'''
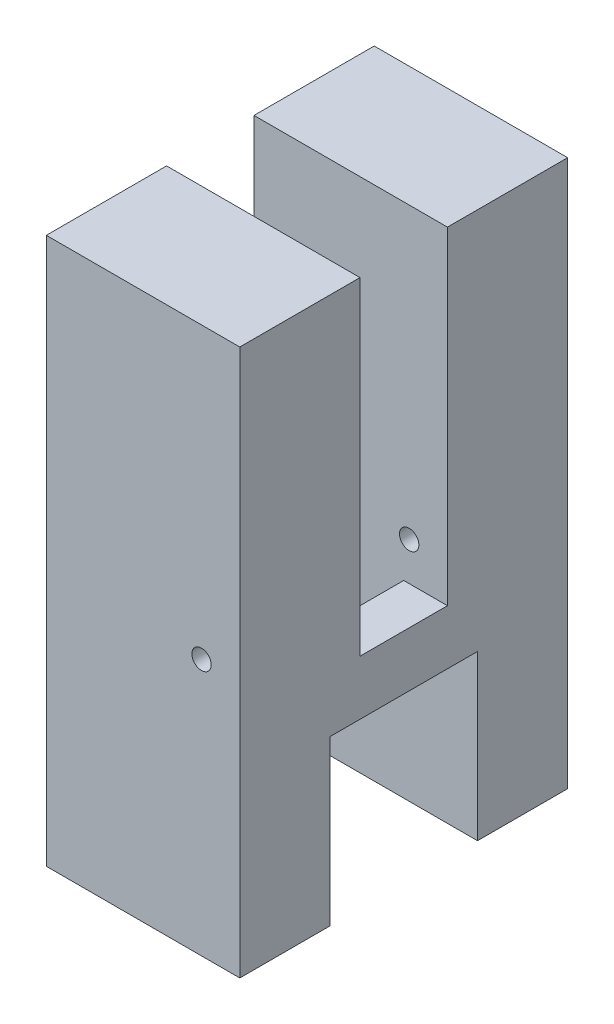
ISO-10303-21;
HEADER;
FILE_DESCRIPTION(('STEP AP214'),'2;1');
FILE_NAME('part.step','',(''),(''),'','','');
FILE_SCHEMA(('AUTOMOTIVE_DESIGN { 1 0 10303 214 1 1 1 1 }'));
ENDSEC;
DATA;
#1=APPLICATION_CONTEXT('core data for automotive mechanical design processes');
#2=APPLICATION_PROTOCOL_DEFINITION('international standard','automotive_design',2000,#1);
#3=PRODUCT_CONTEXT('',#1,'mechanical');
#4=PRODUCT('Part','Part','',(#3));
#5=PRODUCT_RELATED_PRODUCT_CATEGORY('part','',(#4));
#6=PRODUCT_DEFINITION_FORMATION('','',#4);
#7=PRODUCT_DEFINITION_CONTEXT('part definition',#1,'design');
#8=PRODUCT_DEFINITION('design','',#6,#7);
#9=PRODUCT_DEFINITION_SHAPE('','',#8);
#10=(LENGTH_UNIT() NAMED_UNIT(*) SI_UNIT(.MILLI.,.METRE.));
#11=(NAMED_UNIT(*) PLANE_ANGLE_UNIT() SI_UNIT($,.RADIAN.));
#12=(NAMED_UNIT(*) SI_UNIT($,.STERADIAN.) SOLID_ANGLE_UNIT());
#13=UNCERTAINTY_MEASURE_WITH_UNIT(LENGTH_MEASURE(1.E-05),#10,'distance_accuracy_value','');
#14=(GEOMETRIC_REPRESENTATION_CONTEXT(3) GLOBAL_UNCERTAINTY_ASSIGNED_CONTEXT((#13)) GLOBAL_UNIT_ASSIGNED_CONTEXT((#10,
#11,#12)) REPRESENTATION_CONTEXT('',''));
#15=CARTESIAN_POINT('',(0.,0.,0.));
#16=DIRECTION('',(0.,0.,1.));
#17=DIRECTION('',(1.,0.,0.));
#18=AXIS2_PLACEMENT_3D('',#15,#16,#17);
#19=CARTESIAN_POINT('',(-18.034,25.4,5.08));
#20=DIRECTION('',(0.,0.,1.));
#21=DIRECTION('',(1.,0.,0.));
#22=AXIS2_PLACEMENT_3D('',#19,#20,#21);
#23=PLANE('',#22);
#24=CARTESIAN_POINT('',(0.,29.845,5.08));
#25=DIRECTION('',(0.,0.,1.));
#26=DIRECTION('',(1.,0.,0.));
#27=AXIS2_PLACEMENT_3D('',#24,#25,#26);
#28=CIRCLE('',#27,1.125);
#29=CARTESIAN_POINT('',(1.125,29.845,5.08));
#30=VERTEX_POINT('',#29);
#31=EDGE_CURVE('E190',#30,#30,#28,.T.);
#32=ORIENTED_EDGE('',*,*,#31,.T.);
#33=EDGE_LOOP('',(#32));
#34=FACE_BOUND('',#33,.T.);
#35=DIRECTION('',(0.,-1.,0.));
#36=VECTOR('',#35,1.);
#37=CARTESIAN_POINT('',(4.445,25.4,5.08));
#38=LINE('',#37,#36);
#39=CARTESIAN_POINT('',(4.445,63.5,5.07999999999999));
#40=VERTEX_POINT('',#39);
#41=CARTESIAN_POINT('',(4.445,25.4,5.08));
#42=VERTEX_POINT('',#41);
#43=EDGE_CURVE('E203',#40,#42,#38,.T.);
#44=ORIENTED_EDGE('',*,*,#43,.T.);
#45=DIRECTION('',(1.,0.,0.));
#46=VECTOR('',#45,1.);
#47=CARTESIAN_POINT('',(-18.034,25.4,5.08));
#48=LINE('',#47,#46);
#49=CARTESIAN_POINT('',(-0.635,25.4,5.08));
#50=VERTEX_POINT('',#49);
#51=EDGE_CURVE('E60',#50,#42,#48,.T.);
#52=ORIENTED_EDGE('',*,*,#51,.F.);
#53=DIRECTION('',(0.,1.,0.));
#54=VECTOR('',#53,1.);
#55=CARTESIAN_POINT('',(-0.635,0.,5.08));
#56=LINE('',#55,#54);
#57=CARTESIAN_POINT('',(-0.635,19.05,5.08));
#58=VERTEX_POINT('',#57);
#59=EDGE_CURVE('E209',#58,#50,#56,.T.);
#60=ORIENTED_EDGE('',*,*,#59,.F.);
#61=DIRECTION('',(1.,0.,0.));
#62=VECTOR('',#61,1.);
#63=CARTESIAN_POINT('',(0.,19.05,5.08));
#64=LINE('',#63,#62);
#65=CARTESIAN_POINT('',(-18.034,19.05,5.08));
#66=VERTEX_POINT('',#65);
#67=EDGE_CURVE('E45',#66,#58,#64,.T.);
#68=ORIENTED_EDGE('',*,*,#67,.F.);
#69=DIRECTION('',(0.,1.,0.));
#70=VECTOR('',#69,1.);
#71=CARTESIAN_POINT('',(-18.034,25.4,5.08));
#72=LINE('',#71,#70);
#73=CARTESIAN_POINT('',(-18.034,63.5,5.08));
#74=VERTEX_POINT('',#73);
#75=EDGE_CURVE('E164',#66,#74,#72,.T.);
#76=ORIENTED_EDGE('',*,*,#75,.T.);
#77=DIRECTION('',(1.,0.,0.));
#78=VECTOR('',#77,1.);
#79=CARTESIAN_POINT('',(-18.034,63.5,5.08));
#80=LINE('',#79,#78);
#81=EDGE_CURVE('E233',#74,#40,#80,.T.);
#82=ORIENTED_EDGE('',*,*,#81,.T.);
#83=EDGE_LOOP('',(#44,#52,#60,#68,#76,#82));
#84=FACE_BOUND('',#83,.T.);
#85=ADVANCED_FACE('F37',(#34,#84),#23,.F.);
#86=CARTESIAN_POINT('',(-18.034,25.4,-5.08));
#87=DIRECTION('',(0.,0.,-1.));
#88=DIRECTION('',(-1.,0.,0.));
#89=AXIS2_PLACEMENT_3D('',#86,#87,#88);
#90=PLANE('',#89);
#91=CARTESIAN_POINT('',(0.,29.845,-5.08));
#92=DIRECTION('',(0.,0.,-1.));
#93=DIRECTION('',(-1.,0.,0.));
#94=AXIS2_PLACEMENT_3D('',#91,#92,#93);
#95=CIRCLE('',#94,1.125);
#96=CARTESIAN_POINT('',(-1.125,29.845,-5.08));
#97=VERTEX_POINT('',#96);
#98=EDGE_CURVE('E188',#97,#97,#95,.T.);
#99=ORIENTED_EDGE('',*,*,#98,.T.);
#100=EDGE_LOOP('',(#99));
#101=FACE_BOUND('',#100,.T.);
#102=DIRECTION('',(-1.,0.,0.));
#103=VECTOR('',#102,1.);
#104=CARTESIAN_POINT('',(-18.034,25.4,-5.08));
#105=LINE('',#104,#103);
#106=CARTESIAN_POINT('',(4.445,25.4,-5.08));
#107=VERTEX_POINT('',#106);
#108=CARTESIAN_POINT('',(-0.635,25.4,-5.08));
#109=VERTEX_POINT('',#108);
#110=EDGE_CURVE('E52',#107,#109,#105,.T.);
#111=ORIENTED_EDGE('',*,*,#110,.F.);
#112=DIRECTION('',(0.,1.,0.));
#113=VECTOR('',#112,1.);
#114=CARTESIAN_POINT('',(4.445,25.4,-5.08));
#115=LINE('',#114,#113);
#116=CARTESIAN_POINT('',(4.445,63.5,-5.08));
#117=VERTEX_POINT('',#116);
#118=EDGE_CURVE('E262',#107,#117,#115,.T.);
#119=ORIENTED_EDGE('',*,*,#118,.T.);
#120=DIRECTION('',(-1.,0.,0.));
#121=VECTOR('',#120,1.);
#122=CARTESIAN_POINT('',(-18.034,63.5,-5.08));
#123=LINE('',#122,#121);
#124=CARTESIAN_POINT('',(-18.034,63.5,-5.08));
#125=VERTEX_POINT('',#124);
#126=EDGE_CURVE('E223',#117,#125,#123,.T.);
#127=ORIENTED_EDGE('',*,*,#126,.T.);
#128=DIRECTION('',(0.,1.,0.));
#129=VECTOR('',#128,1.);
#130=CARTESIAN_POINT('',(-18.034,25.4,-5.08));
#131=LINE('',#130,#129);
#132=CARTESIAN_POINT('',(-18.034,19.05,-5.08));
#133=VERTEX_POINT('',#132);
#134=EDGE_CURVE('E167',#133,#125,#131,.T.);
#135=ORIENTED_EDGE('',*,*,#134,.F.);
#136=DIRECTION('',(-1.,0.,0.));
#137=VECTOR('',#136,1.);
#138=CARTESIAN_POINT('',(0.,19.05,-5.08));
#139=LINE('',#138,#137);
#140=CARTESIAN_POINT('',(-0.635,19.05,-5.08));
#141=VERTEX_POINT('',#140);
#142=EDGE_CURVE('E184',#141,#133,#139,.T.);
#143=ORIENTED_EDGE('',*,*,#142,.F.);
#144=DIRECTION('',(0.,1.,0.));
#145=VECTOR('',#144,1.);
#146=CARTESIAN_POINT('',(-0.635,0.,-5.08));
#147=LINE('',#146,#145);
#148=EDGE_CURVE('E210',#141,#109,#147,.T.);
#149=ORIENTED_EDGE('',*,*,#148,.T.);
#150=EDGE_LOOP('',(#111,#119,#127,#135,#143,#149));
#151=FACE_BOUND('',#150,.T.);
#152=ADVANCED_FACE('F297',(#101,#151),#90,.F.);
#153=CARTESIAN_POINT('',(-18.034,63.5,-19.05));
#154=DIRECTION('',(1.,0.,0.));
#155=DIRECTION('',(0.,0.,-1.));
#156=AXIS2_PLACEMENT_3D('',#153,#154,#155);
#157=PLANE('',#156);
#158=ORIENTED_EDGE('',*,*,#75,.F.);
#159=DIRECTION('',(0.,0.,-1.));
#160=VECTOR('',#159,1.);
#161=CARTESIAN_POINT('',(-18.034,19.05,-8.5725));
#162=LINE('',#161,#160);
#163=CARTESIAN_POINT('',(-18.034,19.05,8.5725));
#164=VERTEX_POINT('',#163);
#165=EDGE_CURVE('E225',#164,#66,#162,.T.);
#166=ORIENTED_EDGE('',*,*,#165,.F.);
#167=DIRECTION('',(0.,-1.,0.));
#168=VECTOR('',#167,1.);
#169=CARTESIAN_POINT('',(-18.034,65.3355937604538,8.5725));
#170=LINE('',#169,#168);
#171=CARTESIAN_POINT('',(-18.034,0.,8.5725));
#172=VERTEX_POINT('',#171);
#173=EDGE_CURVE('E219',#164,#172,#170,.T.);
#174=ORIENTED_EDGE('',*,*,#173,.T.);
#175=DIRECTION('',(0.,0.,1.));
#176=VECTOR('',#175,1.);
#177=CARTESIAN_POINT('',(-18.034,0.,-19.05));
#178=LINE('',#177,#176);
#179=CARTESIAN_POINT('',(-18.034,0.,19.05));
#180=VERTEX_POINT('',#179);
#181=EDGE_CURVE('E163',#172,#180,#178,.T.);
#182=ORIENTED_EDGE('',*,*,#181,.T.);
#183=DIRECTION('',(0.,-1.,0.));
#184=VECTOR('',#183,1.);
#185=CARTESIAN_POINT('',(-18.034,63.5,19.05));
#186=LINE('',#185,#184);
#187=CARTESIAN_POINT('',(-18.034,63.5,19.05));
#188=VERTEX_POINT('',#187);
#189=EDGE_CURVE('E176',#188,#180,#186,.T.);
#190=ORIENTED_EDGE('',*,*,#189,.F.);
#191=DIRECTION('',(0.,0.,1.));
#192=VECTOR('',#191,1.);
#193=CARTESIAN_POINT('',(-18.034,63.5,-19.05));
#194=LINE('',#193,#192);
#195=EDGE_CURVE('E240',#74,#188,#194,.T.);
#196=ORIENTED_EDGE('',*,*,#195,.F.);
#197=EDGE_LOOP('',(#158,#166,#174,#182,#190,#196));
#198=FACE_BOUND('',#197,.T.);
#199=ADVANCED_FACE('F255',(#198),#157,.F.);
#200=CARTESIAN_POINT('',(0.,25.4,0.));
#201=DIRECTION('',(0.,1.,0.));
#202=DIRECTION('',(0.,0.,1.));
#203=AXIS2_PLACEMENT_3D('',#200,#201,#202);
#204=PLANE('',#203);
#205=DIRECTION('',(0.,0.,-1.));
#206=VECTOR('',#205,1.);
#207=CARTESIAN_POINT('',(-0.635,25.4,0.));
#208=LINE('',#207,#206);
#209=EDGE_CURVE('E195',#50,#109,#208,.T.);
#210=ORIENTED_EDGE('',*,*,#209,.F.);
#211=ORIENTED_EDGE('',*,*,#51,.T.);
#212=DIRECTION('',(0.,0.,-1.));
#213=VECTOR('',#212,1.);
#214=CARTESIAN_POINT('',(4.445,25.4,5.08));
#215=LINE('',#214,#213);
#216=EDGE_CURVE('E276',#42,#107,#215,.T.);
#217=ORIENTED_EDGE('',*,*,#216,.T.);
#218=ORIENTED_EDGE('',*,*,#110,.T.);
#219=EDGE_LOOP('',(#210,#211,#217,#218));
#220=FACE_BOUND('',#219,.T.);
#221=ADVANCED_FACE('F301',(#220),#204,.T.);
#222=CARTESIAN_POINT('',(0.,0.,0.));
#223=DIRECTION('',(0.,1.,0.));
#224=DIRECTION('',(0.,0.,1.));
#225=AXIS2_PLACEMENT_3D('',#222,#223,#224);
#226=PLANE('',#225);
#227=DIRECTION('',(-1.,0.,0.));
#228=VECTOR('',#227,1.);
#229=CARTESIAN_POINT('',(-18.034,0.,8.5725));
#230=LINE('',#229,#228);
#231=CARTESIAN_POINT('',(4.445,0.,8.5725));
#232=VERTEX_POINT('',#231);
#233=EDGE_CURVE('E212',#232,#172,#230,.T.);
#234=ORIENTED_EDGE('',*,*,#233,.F.);
#235=DIRECTION('',(0.,0.,1.));
#236=VECTOR('',#235,1.);
#237=CARTESIAN_POINT('',(4.445,0.,-19.05));
#238=LINE('',#237,#236);
#239=CARTESIAN_POINT('',(4.445,0.,19.05));
#240=VERTEX_POINT('',#239);
#241=EDGE_CURVE('E149',#232,#240,#238,.T.);
#242=ORIENTED_EDGE('',*,*,#241,.T.);
#243=DIRECTION('',(1.,0.,0.));
#244=VECTOR('',#243,1.);
#245=CARTESIAN_POINT('',(-18.034,0.,19.05));
#246=LINE('',#245,#244);
#247=EDGE_CURVE('E173',#180,#240,#246,.T.);
#248=ORIENTED_EDGE('',*,*,#247,.F.);
#249=ORIENTED_EDGE('',*,*,#181,.F.);
#250=EDGE_LOOP('',(#234,#242,#248,#249));
#251=FACE_BOUND('',#250,.T.);
#252=ADVANCED_FACE('F281',(#251),#226,.F.);
#253=CARTESIAN_POINT('',(0.,63.5,0.));
#254=DIRECTION('',(0.,1.,0.));
#255=DIRECTION('',(0.,0.,1.));
#256=AXIS2_PLACEMENT_3D('',#253,#254,#255);
#257=PLANE('',#256);
#258=DIRECTION('',(0.,0.,1.));
#259=VECTOR('',#258,1.);
#260=CARTESIAN_POINT('',(4.445,63.5,-19.05));
#261=LINE('',#260,#259);
#262=CARTESIAN_POINT('',(4.445,63.5,19.05));
#263=VERTEX_POINT('',#262);
#264=EDGE_CURVE('E277',#40,#263,#261,.T.);
#265=ORIENTED_EDGE('',*,*,#264,.F.);
#266=ORIENTED_EDGE('',*,*,#81,.F.);
#267=ORIENTED_EDGE('',*,*,#195,.T.);
#268=DIRECTION('',(1.,0.,0.));
#269=VECTOR('',#268,1.);
#270=CARTESIAN_POINT('',(-18.034,63.5,19.05));
#271=LINE('',#270,#269);
#272=EDGE_CURVE('E170',#188,#263,#271,.T.);
#273=ORIENTED_EDGE('',*,*,#272,.T.);
#274=EDGE_LOOP('',(#265,#266,#267,#273));
#275=FACE_BOUND('',#274,.T.);
#276=ADVANCED_FACE('F252',(#275),#257,.T.);
#277=CARTESIAN_POINT('',(-18.034,63.5,-19.05));
#278=DIRECTION('',(0.,0.,1.));
#279=DIRECTION('',(1.,0.,0.));
#280=AXIS2_PLACEMENT_3D('',#277,#278,#279);
#281=PLANE('',#280);
#282=CARTESIAN_POINT('',(0.,29.845,-19.05));
#283=DIRECTION('',(0.,0.,1.));
#284=DIRECTION('',(1.,0.,0.));
#285=AXIS2_PLACEMENT_3D('',#282,#283,#284);
#286=CIRCLE('',#285,1.125);
#287=CARTESIAN_POINT('',(1.125,29.845,-19.05));
#288=VERTEX_POINT('',#287);
#289=EDGE_CURVE('E191',#288,#288,#286,.T.);
#290=ORIENTED_EDGE('',*,*,#289,.T.);
#291=EDGE_LOOP('',(#290));
#292=FACE_BOUND('',#291,.T.);
#293=DIRECTION('',(-1.,0.,0.));
#294=VECTOR('',#293,1.);
#295=CARTESIAN_POINT('',(-18.034,63.5,-19.05));
#296=LINE('',#295,#294);
#297=CARTESIAN_POINT('',(4.445,63.5,-19.05));
#298=VERTEX_POINT('',#297);
#299=CARTESIAN_POINT('',(-18.034,63.5,-19.05));
#300=VERTEX_POINT('',#299);
#301=EDGE_CURVE('E156',#298,#300,#296,.T.);
#302=ORIENTED_EDGE('',*,*,#301,.F.);
#303=DIRECTION('',(0.,1.,0.));
#304=VECTOR('',#303,1.);
#305=CARTESIAN_POINT('',(4.445,0.,-19.05));
#306=LINE('',#305,#304);
#307=CARTESIAN_POINT('',(4.445,0.,-19.05));
#308=VERTEX_POINT('',#307);
#309=EDGE_CURVE('E143',#308,#298,#306,.T.);
#310=ORIENTED_EDGE('',*,*,#309,.F.);
#311=DIRECTION('',(-1.,0.,0.));
#312=VECTOR('',#311,1.);
#313=CARTESIAN_POINT('',(-18.034,0.,-19.05));
#314=LINE('',#313,#312);
#315=CARTESIAN_POINT('',(-18.034,0.,-19.05));
#316=VERTEX_POINT('',#315);
#317=EDGE_CURVE('E154',#308,#316,#314,.T.);
#318=ORIENTED_EDGE('',*,*,#317,.T.);
#319=DIRECTION('',(0.,-1.,0.));
#320=VECTOR('',#319,1.);
#321=CARTESIAN_POINT('',(-18.034,63.5,-19.05));
#322=LINE('',#321,#320);
#323=EDGE_CURVE('E179',#300,#316,#322,.T.);
#324=ORIENTED_EDGE('',*,*,#323,.F.);
#325=EDGE_LOOP('',(#302,#310,#318,#324));
#326=FACE_BOUND('',#325,.T.);
#327=ADVANCED_FACE('F39',(#292,#326),#281,.F.);
#328=CARTESIAN_POINT('',(-18.034,19.05,-8.5725));
#329=VERTEX_POINT('',#328);
#330=EDGE_CURVE('E228',#133,#329,#162,.T.);
#331=ORIENTED_EDGE('',*,*,#330,.F.);
#332=ORIENTED_EDGE('',*,*,#134,.T.);
#333=EDGE_CURVE('E241',#300,#125,#194,.T.);
#334=ORIENTED_EDGE('',*,*,#333,.F.);
#335=ORIENTED_EDGE('',*,*,#323,.T.);
#336=CARTESIAN_POINT('',(-18.034,0.,-8.5725));
#337=VERTEX_POINT('',#336);
#338=EDGE_CURVE('E162',#316,#337,#178,.T.);
#339=ORIENTED_EDGE('',*,*,#338,.T.);
#340=DIRECTION('',(0.,-1.,0.));
#341=VECTOR('',#340,1.);
#342=CARTESIAN_POINT('',(-18.034,65.3355937604538,-8.5725));
#343=LINE('',#342,#341);
#344=EDGE_CURVE('E224',#329,#337,#343,.T.);
#345=ORIENTED_EDGE('',*,*,#344,.F.);
#346=EDGE_LOOP('',(#331,#332,#334,#335,#339,#345));
#347=FACE_BOUND('',#346,.T.);
#348=ADVANCED_FACE('F295',(#347),#157,.F.);
#349=CARTESIAN_POINT('',(-18.034,63.5,19.05));
#350=DIRECTION('',(0.,0.,-1.));
#351=DIRECTION('',(-1.,0.,0.));
#352=AXIS2_PLACEMENT_3D('',#349,#350,#351);
#353=PLANE('',#352);
#354=CARTESIAN_POINT('',(0.,29.845,19.05));
#355=DIRECTION('',(0.,0.,1.));
#356=DIRECTION('',(1.,0.,0.));
#357=AXIS2_PLACEMENT_3D('',#354,#355,#356);
#358=CIRCLE('',#357,1.125);
#359=CARTESIAN_POINT('',(1.125,29.845,19.05));
#360=VERTEX_POINT('',#359);
#361=EDGE_CURVE('E198',#360,#360,#358,.T.);
#362=ORIENTED_EDGE('',*,*,#361,.F.);
#363=EDGE_LOOP('',(#362));
#364=FACE_BOUND('',#363,.T.);
#365=ORIENTED_EDGE('',*,*,#247,.T.);
#366=DIRECTION('',(0.,1.,0.));
#367=VECTOR('',#366,1.);
#368=CARTESIAN_POINT('',(4.445,0.,19.05));
#369=LINE('',#368,#367);
#370=EDGE_CURVE('E157',#240,#263,#369,.T.);
#371=ORIENTED_EDGE('',*,*,#370,.T.);
#372=ORIENTED_EDGE('',*,*,#272,.F.);
#373=ORIENTED_EDGE('',*,*,#189,.T.);
#374=EDGE_LOOP('',(#365,#371,#372,#373));
#375=FACE_BOUND('',#374,.T.);
#376=ADVANCED_FACE('F260',(#364,#375),#353,.F.);
#377=EDGE_CURVE('E267',#298,#117,#261,.T.);
#378=ORIENTED_EDGE('',*,*,#377,.F.);
#379=ORIENTED_EDGE('',*,*,#301,.T.);
#380=ORIENTED_EDGE('',*,*,#333,.T.);
#381=ORIENTED_EDGE('',*,*,#126,.F.);
#382=EDGE_LOOP('',(#378,#379,#380,#381));
#383=FACE_BOUND('',#382,.T.);
#384=ADVANCED_FACE('F318',(#383),#257,.T.);
#385=ORIENTED_EDGE('',*,*,#317,.F.);
#386=CARTESIAN_POINT('',(4.445,0.,-8.5725));
#387=VERTEX_POINT('',#386);
#388=EDGE_CURVE('E139',#308,#387,#238,.T.);
#389=ORIENTED_EDGE('',*,*,#388,.T.);
#390=DIRECTION('',(1.,0.,0.));
#391=VECTOR('',#390,1.);
#392=CARTESIAN_POINT('',(-18.034,0.,-8.5725));
#393=LINE('',#392,#391);
#394=EDGE_CURVE('E214',#337,#387,#393,.T.);
#395=ORIENTED_EDGE('',*,*,#394,.F.);
#396=ORIENTED_EDGE('',*,*,#338,.F.);
#397=EDGE_LOOP('',(#385,#389,#395,#396));
#398=FACE_BOUND('',#397,.T.);
#399=ADVANCED_FACE('F160',(#398),#226,.F.);
#400=CARTESIAN_POINT('',(0.,19.05,0.));
#401=DIRECTION('',(0.,1.,0.));
#402=DIRECTION('',(0.,0.,1.));
#403=AXIS2_PLACEMENT_3D('',#400,#401,#402);
#404=PLANE('',#403);
#405=DIRECTION('',(1.,0.,0.));
#406=VECTOR('',#405,1.);
#407=CARTESIAN_POINT('',(-18.034,19.05,-8.5725));
#408=LINE('',#407,#406);
#409=CARTESIAN_POINT('',(4.445,19.05,-8.5725));
#410=VERTEX_POINT('',#409);
#411=EDGE_CURVE('E220',#329,#410,#408,.T.);
#412=ORIENTED_EDGE('',*,*,#411,.T.);
#413=DIRECTION('',(0.,0.,1.));
#414=VECTOR('',#413,1.);
#415=CARTESIAN_POINT('',(4.445,19.05,0.));
#416=LINE('',#415,#414);
#417=CARTESIAN_POINT('',(4.445,19.05,8.5725));
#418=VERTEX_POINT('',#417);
'''
Among the entries above, the lines between the ones containing "#401=DIRECTION('',(0.,1.,0.));" and "#409=CARTESIAN_POINT('',(4.445,19.05,-8.5725));", inclusive, are to be transcribed exactly. No other line is to be given.

#401=DIRECTION('',(0.,1.,0.));
#402=DIRECTION('',(0.,0.,1.));
#403=AXIS2_PLACEMENT_3D('',#400,#401,#402);
#404=PLANE('',#403);
#405=DIRECTION('',(1.,0.,0.));
#406=VECTOR('',#405,1.);
#407=CARTESIAN_POINT('',(-18.034,19.05,-8.5725));
#408=LINE('',#407,#406);
#409=CARTESIAN_POINT('',(4.445,19.05,-8.5725));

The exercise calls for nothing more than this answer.